I have seen 3N5 but haven't found any posted prices. It would save the trouble of pouring shot.

http://www.plattbros.com/zincshot.htm

http://www.abrasivematerials.com/products/zinc_cut_wire.html


----------



## geologist (Dec 31, 2008)

I saw posts of fishing sinkers made of tin. Bass Pro Shops had tin shot for under $2. The pack has 30 pieces and I got the smaller ones so they would dissolve quicker. I could find no info as to 100% tin or an alloy like the tin solder and antimony.


----------



## synthetiklone (Feb 4, 2009)

I get my pure zinc from a local zinc electroplating service. he was generous enough to give me a cast lump/ingot the size of my fist.
he had bucket loads, i have more than enough, maybe you have a similar service in your area?


----------



## goldsilverpro (Feb 4, 2009)

All my life, I used 325 mesh zinc dust for precipitating gold from cyanide solutions. It is available in 50 and 100# pails and is cheap. However, like Lou inferred, it is much more flammable than 100 mesh, under the right conditions. I kept it dry and sealed and never had any problems. Maybe I was lucky. It tended to lump, so I added it to the solution through a squeeze type flour sifter to break it up.

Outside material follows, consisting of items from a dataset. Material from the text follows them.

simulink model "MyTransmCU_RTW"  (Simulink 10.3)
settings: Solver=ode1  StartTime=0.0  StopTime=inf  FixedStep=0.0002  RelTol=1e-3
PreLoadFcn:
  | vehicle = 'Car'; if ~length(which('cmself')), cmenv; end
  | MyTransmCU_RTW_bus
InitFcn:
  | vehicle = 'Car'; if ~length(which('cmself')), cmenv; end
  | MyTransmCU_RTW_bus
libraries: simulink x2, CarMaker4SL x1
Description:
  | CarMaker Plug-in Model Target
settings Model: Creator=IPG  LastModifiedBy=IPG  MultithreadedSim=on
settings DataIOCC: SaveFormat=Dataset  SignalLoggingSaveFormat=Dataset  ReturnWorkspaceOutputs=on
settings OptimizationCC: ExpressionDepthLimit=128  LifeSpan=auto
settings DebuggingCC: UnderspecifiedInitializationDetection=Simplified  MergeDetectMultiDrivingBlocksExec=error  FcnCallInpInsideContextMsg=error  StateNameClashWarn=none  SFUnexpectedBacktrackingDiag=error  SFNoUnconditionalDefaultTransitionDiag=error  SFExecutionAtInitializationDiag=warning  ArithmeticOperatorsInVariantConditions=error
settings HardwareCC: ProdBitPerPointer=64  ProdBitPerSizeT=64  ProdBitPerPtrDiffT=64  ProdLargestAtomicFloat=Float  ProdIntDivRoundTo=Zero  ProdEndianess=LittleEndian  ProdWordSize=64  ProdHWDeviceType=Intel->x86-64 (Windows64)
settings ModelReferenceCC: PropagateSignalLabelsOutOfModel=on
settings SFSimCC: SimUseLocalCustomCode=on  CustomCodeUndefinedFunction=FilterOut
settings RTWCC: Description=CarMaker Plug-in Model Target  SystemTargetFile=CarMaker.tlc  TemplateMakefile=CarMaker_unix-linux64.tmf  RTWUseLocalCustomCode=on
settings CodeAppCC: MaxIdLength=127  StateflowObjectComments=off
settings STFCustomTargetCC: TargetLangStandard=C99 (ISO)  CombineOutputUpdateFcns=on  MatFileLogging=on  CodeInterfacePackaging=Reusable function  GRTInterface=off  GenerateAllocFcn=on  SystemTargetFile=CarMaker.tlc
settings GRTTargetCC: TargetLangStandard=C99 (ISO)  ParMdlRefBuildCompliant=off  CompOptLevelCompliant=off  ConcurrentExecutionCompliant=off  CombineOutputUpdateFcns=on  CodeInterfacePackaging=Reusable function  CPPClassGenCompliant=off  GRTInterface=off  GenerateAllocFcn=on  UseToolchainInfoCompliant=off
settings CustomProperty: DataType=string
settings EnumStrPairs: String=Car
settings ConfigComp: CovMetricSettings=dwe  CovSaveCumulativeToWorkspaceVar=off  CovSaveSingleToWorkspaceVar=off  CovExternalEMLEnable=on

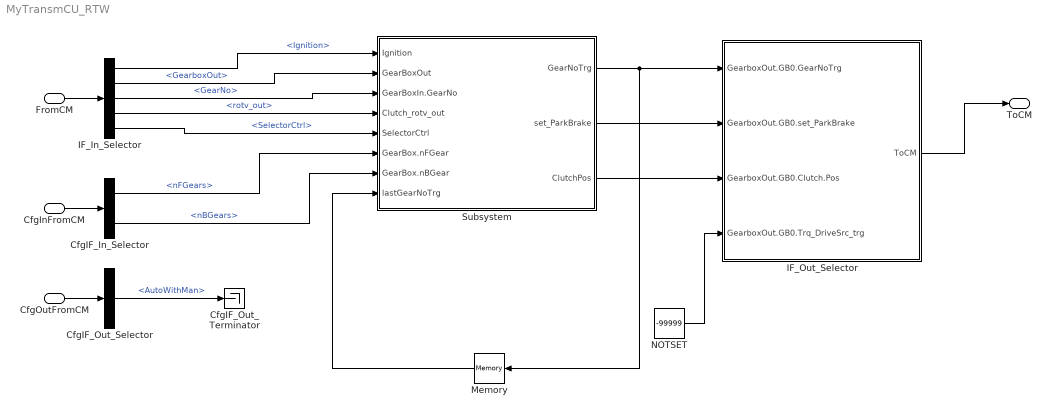
== system MyTransmCU_RTW ==
  FromCM : Inport  OutDataTypeStr=Bus: cmPTTransmCUIn
  CfgInFromCM : Inport  Port=2  OutDataTypeStr=Bus: cmPTTransmCUCfgIn
  CfgOutFromCM : Inport  Port=3  OutDataTypeStr=Bus: cmPTTransmCUCfgOut
  CfgIF_In_Selector : BusSelector  OutputSignals=Gearbox.GB0.nFGears,Gearbox.GB0.nBGears
  CfgIF_Out_Selector : BusSelector  OutputSignals=AutoWithMan
  CfgIF_Out_Terminator : Terminator
  IF_In_Selector : BusSelector  OutputSignals=Ignition,GearboxOut,GearboxIn.GB0.GearNo,GearboxIn.GB0.rotv_out,SelectorCtrl
  IF_Out_Selector : Subsystem  mask(Signal Selection){}
      mask help: Signal Selection Block
      settings: OpenFcn=cmSignalSelect('SignalSelection_CB',gcb)
  Memory : Memory
  NOTSET : Constant  Value=-99999
  Subsystem : Subsystem
  ToCM : Outport  OutDataTypeStr=Bus: cmPTTransmCUOut
  wires:
  FromCM/1 -> IF_In_Selector/1
  IF_Out_Selector/1(ToCM) -> ToCM/1
  CfgInFromCM/1 -> CfgIF_In_Selector/1
  CfgIF_In_Selector/1 -> Subsystem/6(GearBox.nFGear)  "<nFGears>"
  CfgOutFromCM/1 -> CfgIF_Out_Selector/1
  CfgIF_Out_Selector/1 -> CfgIF_Out_Terminator/1  "<AutoWithMan>"
  Memory/1 -> Subsystem/8(lastGearNoTrg)
  Subsystem/2(set_ParkBrake) -> IF_Out_Selector/2(GearboxOut.GB0.set_ParkBrake)
  IF_In_Selector/3 -> Subsystem/3(GearBoxIn.GearNo)  "<GearNo>"
  IF_In_Selector/5 -> Subsystem/5(SelectorCtrl)  "<SelectorCtrl>"
  Subsystem/3(ClutchPos) -> IF_Out_Selector/3(GearboxOut.GB0.Clutch.Pos)
  Subsystem/1(GearNoTrg) -> Memory/1, IF_Out_Selector/1(GearboxOut.GB0.GearNoTrg)
  NOTSET/1 -> IF_Out_Selector/4(GearboxOut.GB0.Trq_DriveSrc_trg)
  IF_In_Selector/4 -> Subsystem/4(Clutch_rotv_out)  "<rotv_out>"
  CfgIF_In_Selector/2 -> Subsystem/7(GearBox.nBGear)  "<nBGears>"
  IF_In_Selector/1 -> Subsystem/1(Ignition)  "<Ignition>"
  IF_In_Selector/2 -> Subsystem/2(GearBoxOut)  "<GearboxOut>"

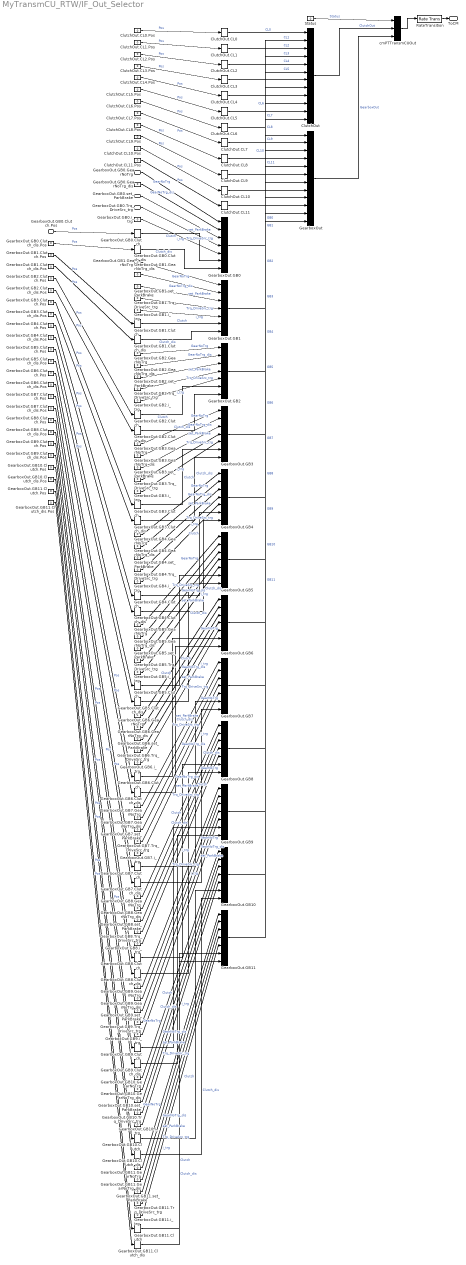
== system MyTransmCU_RTW/IF_Out_Selector ==
  GearboxOut.GB0.GearNoTrg : Inport
  GearboxOut.GB0.set_ParkBrake : Inport  Port=2
  GearboxOut.GB0.Clutch.Pos : Inport  Port=3
  GearboxOut.GB0.Trq_DriveSrc_trg : Inport  Port=4
  ClutchOut : BusCreator  Inputs=12
  ClutchOut.CL{0..11} (12 alike) : BusCreator  Inputs=1
  ClutchOut.CL0.Pos : Constant  Value=0
  ClutchOut.CL1.Pos : Constant  Value=0
  ClutchOut.CL10.Pos : Constant  Value=0
  ClutchOut.CL11.Pos : Constant  Value=0
  ClutchOut.CL2.Pos : Constant  Value=0
  ClutchOut.CL3.Pos : Constant  Value=0
  ClutchOut.CL4.Pos : Constant  Value=0
  ClutchOut.CL5.Pos : Constant  Value=0
  ClutchOut.CL6.Pos : Constant  Value=0
  ClutchOut.CL7.Pos : Constant  Value=0
  ClutchOut.CL8.Pos : Constant  Value=0
  ClutchOut.CL9.Pos : Constant  Value=0
  GearboxOut : BusCreator  Inputs=12
  GearboxOut.GB{0..11} (12 alike) : BusCreator  Inputs=7
  GearboxOut.GB0.Clutch : BusCreator  Inputs=1
  GearboxOut.GB0.Clutch_dis : BusCreator  Inputs=1
  GearboxOut.GB0.Clutch_dis.Pos : Constant  Value=0
  GearboxOut.GB0.GearNoTrg_dis : Constant  Value=0
  GearboxOut.GB0.i_trg : Constant  Value=0
  GearboxOut.GB1.Clutch : BusCreator  Inputs=1
  GearboxOut.GB1.Clutch.Pos : Constant  Value=0
  GearboxOut.GB1.Clutch_dis : BusCreator  Inputs=1
  GearboxOut.GB1.Clutch_dis.Pos : Constant  Value=0
  GearboxOut.GB1.GearNoTrg : Constant  Value=0
  GearboxOut.GB1.GearNoTrg_dis : Constant  Value=0
  GearboxOut.GB1.Trq_DriveSrc_trg : Constant  Value=0
  GearboxOut.GB1.i_trg : Constant  Value=0
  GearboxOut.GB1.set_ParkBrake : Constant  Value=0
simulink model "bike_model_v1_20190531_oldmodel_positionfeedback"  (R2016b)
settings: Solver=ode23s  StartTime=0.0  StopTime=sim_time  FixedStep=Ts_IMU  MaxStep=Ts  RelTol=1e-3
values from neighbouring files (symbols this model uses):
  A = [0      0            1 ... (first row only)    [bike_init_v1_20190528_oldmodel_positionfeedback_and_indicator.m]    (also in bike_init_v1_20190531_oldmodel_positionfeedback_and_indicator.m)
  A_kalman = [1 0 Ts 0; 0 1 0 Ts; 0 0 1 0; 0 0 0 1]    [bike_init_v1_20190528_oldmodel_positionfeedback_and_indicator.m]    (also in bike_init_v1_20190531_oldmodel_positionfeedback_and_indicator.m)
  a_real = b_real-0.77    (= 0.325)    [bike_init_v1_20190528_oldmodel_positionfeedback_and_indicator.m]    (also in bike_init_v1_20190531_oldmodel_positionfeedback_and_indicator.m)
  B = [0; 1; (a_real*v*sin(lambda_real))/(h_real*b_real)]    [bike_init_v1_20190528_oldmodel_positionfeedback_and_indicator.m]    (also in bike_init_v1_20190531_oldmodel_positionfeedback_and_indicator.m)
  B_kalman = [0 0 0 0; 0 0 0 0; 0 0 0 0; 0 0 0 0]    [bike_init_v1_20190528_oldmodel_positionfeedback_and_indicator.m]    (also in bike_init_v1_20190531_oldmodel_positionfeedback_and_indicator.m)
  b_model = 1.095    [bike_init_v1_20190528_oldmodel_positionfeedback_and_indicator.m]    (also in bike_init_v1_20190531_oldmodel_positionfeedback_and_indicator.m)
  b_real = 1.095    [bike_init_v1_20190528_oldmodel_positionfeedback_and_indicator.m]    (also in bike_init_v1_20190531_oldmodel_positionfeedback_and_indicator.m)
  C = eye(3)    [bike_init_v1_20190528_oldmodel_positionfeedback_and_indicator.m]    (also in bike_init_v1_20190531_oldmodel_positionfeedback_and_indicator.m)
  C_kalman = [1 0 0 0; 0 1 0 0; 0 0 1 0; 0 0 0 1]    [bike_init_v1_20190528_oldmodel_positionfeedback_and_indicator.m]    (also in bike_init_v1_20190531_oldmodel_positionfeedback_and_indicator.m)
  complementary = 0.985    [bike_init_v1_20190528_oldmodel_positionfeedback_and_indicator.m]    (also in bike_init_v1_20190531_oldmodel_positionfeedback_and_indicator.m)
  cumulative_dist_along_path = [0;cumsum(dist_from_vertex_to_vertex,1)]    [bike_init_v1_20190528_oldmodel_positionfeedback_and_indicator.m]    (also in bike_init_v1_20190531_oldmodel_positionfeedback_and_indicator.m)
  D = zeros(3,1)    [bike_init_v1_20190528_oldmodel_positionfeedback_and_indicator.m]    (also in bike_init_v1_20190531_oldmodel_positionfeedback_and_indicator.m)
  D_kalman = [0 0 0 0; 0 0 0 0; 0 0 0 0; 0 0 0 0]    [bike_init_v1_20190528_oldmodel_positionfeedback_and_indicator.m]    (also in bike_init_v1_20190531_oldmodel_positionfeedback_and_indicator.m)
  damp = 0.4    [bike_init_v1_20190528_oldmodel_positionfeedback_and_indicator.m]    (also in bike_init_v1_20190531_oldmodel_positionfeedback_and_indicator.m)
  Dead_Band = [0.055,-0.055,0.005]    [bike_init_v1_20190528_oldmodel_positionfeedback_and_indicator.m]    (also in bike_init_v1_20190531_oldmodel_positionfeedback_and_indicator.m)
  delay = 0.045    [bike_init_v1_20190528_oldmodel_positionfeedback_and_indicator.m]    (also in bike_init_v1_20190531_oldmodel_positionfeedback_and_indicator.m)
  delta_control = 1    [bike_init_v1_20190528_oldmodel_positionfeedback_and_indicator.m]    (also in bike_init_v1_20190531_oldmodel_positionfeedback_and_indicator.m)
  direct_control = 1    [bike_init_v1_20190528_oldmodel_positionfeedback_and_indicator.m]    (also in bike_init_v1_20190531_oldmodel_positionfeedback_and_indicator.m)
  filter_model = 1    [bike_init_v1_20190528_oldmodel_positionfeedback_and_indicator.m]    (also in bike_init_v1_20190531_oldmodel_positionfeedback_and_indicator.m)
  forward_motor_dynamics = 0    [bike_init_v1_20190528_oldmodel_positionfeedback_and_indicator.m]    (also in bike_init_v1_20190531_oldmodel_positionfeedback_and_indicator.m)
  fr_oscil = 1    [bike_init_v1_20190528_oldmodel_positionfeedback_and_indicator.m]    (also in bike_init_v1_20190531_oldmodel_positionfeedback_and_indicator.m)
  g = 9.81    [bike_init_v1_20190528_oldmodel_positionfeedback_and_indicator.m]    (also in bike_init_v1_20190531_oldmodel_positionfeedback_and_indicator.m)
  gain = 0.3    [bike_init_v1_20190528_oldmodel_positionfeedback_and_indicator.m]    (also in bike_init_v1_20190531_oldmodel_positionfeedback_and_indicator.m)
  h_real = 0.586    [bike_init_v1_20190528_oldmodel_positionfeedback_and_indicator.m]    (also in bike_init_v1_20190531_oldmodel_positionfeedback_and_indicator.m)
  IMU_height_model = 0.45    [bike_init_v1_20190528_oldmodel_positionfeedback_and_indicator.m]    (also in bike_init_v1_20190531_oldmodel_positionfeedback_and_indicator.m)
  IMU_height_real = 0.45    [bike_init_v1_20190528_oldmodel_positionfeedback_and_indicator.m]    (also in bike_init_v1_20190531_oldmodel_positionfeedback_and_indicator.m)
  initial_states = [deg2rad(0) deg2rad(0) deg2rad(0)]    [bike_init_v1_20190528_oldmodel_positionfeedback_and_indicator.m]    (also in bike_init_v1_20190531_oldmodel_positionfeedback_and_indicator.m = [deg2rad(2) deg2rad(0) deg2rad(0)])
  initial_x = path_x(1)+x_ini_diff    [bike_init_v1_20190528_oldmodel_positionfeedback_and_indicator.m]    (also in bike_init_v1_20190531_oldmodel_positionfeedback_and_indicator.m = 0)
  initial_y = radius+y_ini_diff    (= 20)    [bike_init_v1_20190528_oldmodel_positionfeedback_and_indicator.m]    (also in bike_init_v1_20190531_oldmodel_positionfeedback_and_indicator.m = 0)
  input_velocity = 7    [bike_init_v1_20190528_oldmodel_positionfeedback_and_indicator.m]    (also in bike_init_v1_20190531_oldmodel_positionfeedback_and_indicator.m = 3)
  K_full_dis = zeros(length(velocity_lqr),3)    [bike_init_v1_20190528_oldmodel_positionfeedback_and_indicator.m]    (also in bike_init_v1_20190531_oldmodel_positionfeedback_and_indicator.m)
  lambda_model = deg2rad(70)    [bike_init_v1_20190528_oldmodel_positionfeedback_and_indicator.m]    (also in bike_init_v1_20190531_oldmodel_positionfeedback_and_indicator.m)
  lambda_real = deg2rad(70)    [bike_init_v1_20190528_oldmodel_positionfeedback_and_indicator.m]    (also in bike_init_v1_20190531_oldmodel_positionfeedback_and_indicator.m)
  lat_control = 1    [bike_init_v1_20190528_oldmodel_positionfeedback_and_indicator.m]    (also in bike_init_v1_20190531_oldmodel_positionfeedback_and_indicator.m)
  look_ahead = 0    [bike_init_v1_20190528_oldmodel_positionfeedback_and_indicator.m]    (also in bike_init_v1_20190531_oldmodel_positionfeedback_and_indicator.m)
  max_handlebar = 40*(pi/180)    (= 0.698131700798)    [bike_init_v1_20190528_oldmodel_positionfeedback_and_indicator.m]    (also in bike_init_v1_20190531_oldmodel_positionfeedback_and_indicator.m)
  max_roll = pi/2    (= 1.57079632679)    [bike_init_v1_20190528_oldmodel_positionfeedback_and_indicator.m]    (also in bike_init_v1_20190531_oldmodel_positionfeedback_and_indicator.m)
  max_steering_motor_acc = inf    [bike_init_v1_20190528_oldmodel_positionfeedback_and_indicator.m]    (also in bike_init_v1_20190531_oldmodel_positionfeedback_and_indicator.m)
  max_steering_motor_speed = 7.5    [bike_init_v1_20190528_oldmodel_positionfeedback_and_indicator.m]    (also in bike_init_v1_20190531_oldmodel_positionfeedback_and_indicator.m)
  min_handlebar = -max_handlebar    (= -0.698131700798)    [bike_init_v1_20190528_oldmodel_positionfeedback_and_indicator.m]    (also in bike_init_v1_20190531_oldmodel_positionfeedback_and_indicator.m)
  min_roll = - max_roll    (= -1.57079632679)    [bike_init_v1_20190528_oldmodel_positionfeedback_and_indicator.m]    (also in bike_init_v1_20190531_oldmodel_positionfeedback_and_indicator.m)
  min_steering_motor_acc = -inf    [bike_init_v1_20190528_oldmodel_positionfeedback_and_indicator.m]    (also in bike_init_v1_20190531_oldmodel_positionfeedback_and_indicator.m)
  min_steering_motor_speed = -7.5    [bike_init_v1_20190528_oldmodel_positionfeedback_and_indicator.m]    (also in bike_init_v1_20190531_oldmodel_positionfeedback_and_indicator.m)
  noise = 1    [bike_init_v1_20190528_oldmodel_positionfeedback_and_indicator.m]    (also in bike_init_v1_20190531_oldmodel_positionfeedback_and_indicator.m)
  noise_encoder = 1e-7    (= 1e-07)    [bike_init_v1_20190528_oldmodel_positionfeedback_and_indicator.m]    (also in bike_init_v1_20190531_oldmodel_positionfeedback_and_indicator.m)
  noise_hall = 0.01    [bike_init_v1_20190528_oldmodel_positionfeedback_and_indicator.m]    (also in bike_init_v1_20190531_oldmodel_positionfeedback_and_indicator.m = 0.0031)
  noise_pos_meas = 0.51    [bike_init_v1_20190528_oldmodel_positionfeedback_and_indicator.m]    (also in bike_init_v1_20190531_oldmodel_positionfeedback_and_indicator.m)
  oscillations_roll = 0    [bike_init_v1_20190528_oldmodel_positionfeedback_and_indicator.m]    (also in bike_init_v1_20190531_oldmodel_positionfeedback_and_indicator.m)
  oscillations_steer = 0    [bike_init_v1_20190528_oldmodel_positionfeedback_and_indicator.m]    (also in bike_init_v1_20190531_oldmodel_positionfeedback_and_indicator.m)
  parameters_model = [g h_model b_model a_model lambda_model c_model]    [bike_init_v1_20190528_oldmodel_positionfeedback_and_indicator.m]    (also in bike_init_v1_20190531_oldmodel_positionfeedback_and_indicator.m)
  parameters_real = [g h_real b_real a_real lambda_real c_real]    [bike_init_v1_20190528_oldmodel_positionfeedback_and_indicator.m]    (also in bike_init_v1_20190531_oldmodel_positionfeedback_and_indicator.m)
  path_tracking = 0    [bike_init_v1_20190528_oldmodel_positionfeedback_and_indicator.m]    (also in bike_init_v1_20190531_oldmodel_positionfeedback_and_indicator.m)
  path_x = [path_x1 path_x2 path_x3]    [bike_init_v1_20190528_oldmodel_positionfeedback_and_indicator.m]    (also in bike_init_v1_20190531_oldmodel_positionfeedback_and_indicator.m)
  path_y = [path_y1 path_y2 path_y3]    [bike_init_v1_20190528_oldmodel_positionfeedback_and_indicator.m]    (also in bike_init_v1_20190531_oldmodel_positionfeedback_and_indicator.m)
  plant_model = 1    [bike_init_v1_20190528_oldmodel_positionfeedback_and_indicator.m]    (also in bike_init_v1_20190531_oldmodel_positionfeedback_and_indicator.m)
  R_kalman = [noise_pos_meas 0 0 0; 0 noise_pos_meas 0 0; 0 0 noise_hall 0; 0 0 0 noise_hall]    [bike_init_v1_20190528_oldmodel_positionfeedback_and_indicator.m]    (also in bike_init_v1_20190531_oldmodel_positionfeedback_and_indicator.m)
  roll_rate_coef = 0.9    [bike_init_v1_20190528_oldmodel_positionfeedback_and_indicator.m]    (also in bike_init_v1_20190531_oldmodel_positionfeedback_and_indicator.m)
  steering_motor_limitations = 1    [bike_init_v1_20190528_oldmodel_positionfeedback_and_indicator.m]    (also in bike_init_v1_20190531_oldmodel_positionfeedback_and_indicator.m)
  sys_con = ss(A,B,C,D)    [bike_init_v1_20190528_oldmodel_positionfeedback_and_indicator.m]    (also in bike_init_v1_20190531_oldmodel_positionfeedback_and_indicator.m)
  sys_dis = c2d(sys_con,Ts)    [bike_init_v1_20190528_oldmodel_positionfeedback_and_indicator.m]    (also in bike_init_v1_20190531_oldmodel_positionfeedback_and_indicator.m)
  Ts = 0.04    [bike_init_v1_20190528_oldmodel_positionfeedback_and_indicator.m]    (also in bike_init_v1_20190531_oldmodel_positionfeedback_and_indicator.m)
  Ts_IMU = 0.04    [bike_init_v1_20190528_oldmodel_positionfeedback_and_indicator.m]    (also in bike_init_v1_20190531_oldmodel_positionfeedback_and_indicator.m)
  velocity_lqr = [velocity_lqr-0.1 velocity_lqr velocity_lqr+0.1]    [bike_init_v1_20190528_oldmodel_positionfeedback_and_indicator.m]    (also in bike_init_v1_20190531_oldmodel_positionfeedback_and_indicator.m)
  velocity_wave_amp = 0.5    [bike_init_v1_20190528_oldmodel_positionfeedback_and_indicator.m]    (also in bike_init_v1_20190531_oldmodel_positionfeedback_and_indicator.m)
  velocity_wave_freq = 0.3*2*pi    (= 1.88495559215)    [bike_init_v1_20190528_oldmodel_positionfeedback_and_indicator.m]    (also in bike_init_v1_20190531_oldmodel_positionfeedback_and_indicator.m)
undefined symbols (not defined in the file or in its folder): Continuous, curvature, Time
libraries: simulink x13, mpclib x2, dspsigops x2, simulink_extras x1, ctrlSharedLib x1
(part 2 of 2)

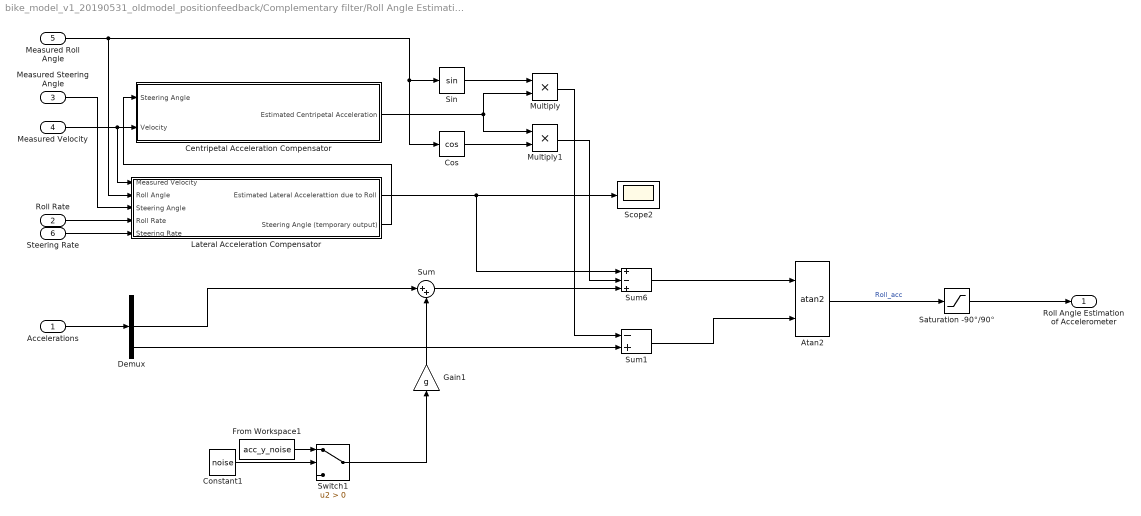
== system bike_model_v1_20190531_oldmodel_positionfeedback/Complementary filter/Roll Angle Estimation of Accelerometer ==
  Accelerations : Inport
  Roll Rate : Inport  Port=2
  Measured Steering Angle : Inport  Port=3
  Measured Velocity : Inport  Port=4
  Measured Roll Angle : Inport  Port=5
  Steering Rate : Inport  Port=6
  Atan2 : Trigonometry  Operator=atan2
  Centripetal Acceleration Compensator : Subsystem
  Constant1 : Constant  Value=noise
  Cos : Trigonometry  Operator=cos
  Demux : Demux  Outputs=3
  From Workspace1 : FromWorkspace  VariableName=acc_y_noise  SampleTime=0
  Gain1 : Gain  Gain=g
  Lateral Acceleration Compensator : Subsystem
  Multiply : Product
  Multiply1 : Product
  Saturation -90°/90° : Saturate  UpperLimit=max_roll  LowerLimit=min_roll
  Scope2 : Scope
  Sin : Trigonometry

After precipitating the gold, we hung a couple of zinc bars in the cyanide solution and let it settle overnight. The bars prevented the gold from re-dissolving. I usually bought the zinc bars from almost any marine supply. They are used as sacrificial anodes to prevent electrolysis damage to boats. They run about 3 or 4 dollars per pound and can be obtained in many shapes and sizes.


----------



## iis (Feb 4, 2009)

Hi
I bought 99% zinc powder from this guy 5Kg £29 x $40 + postage.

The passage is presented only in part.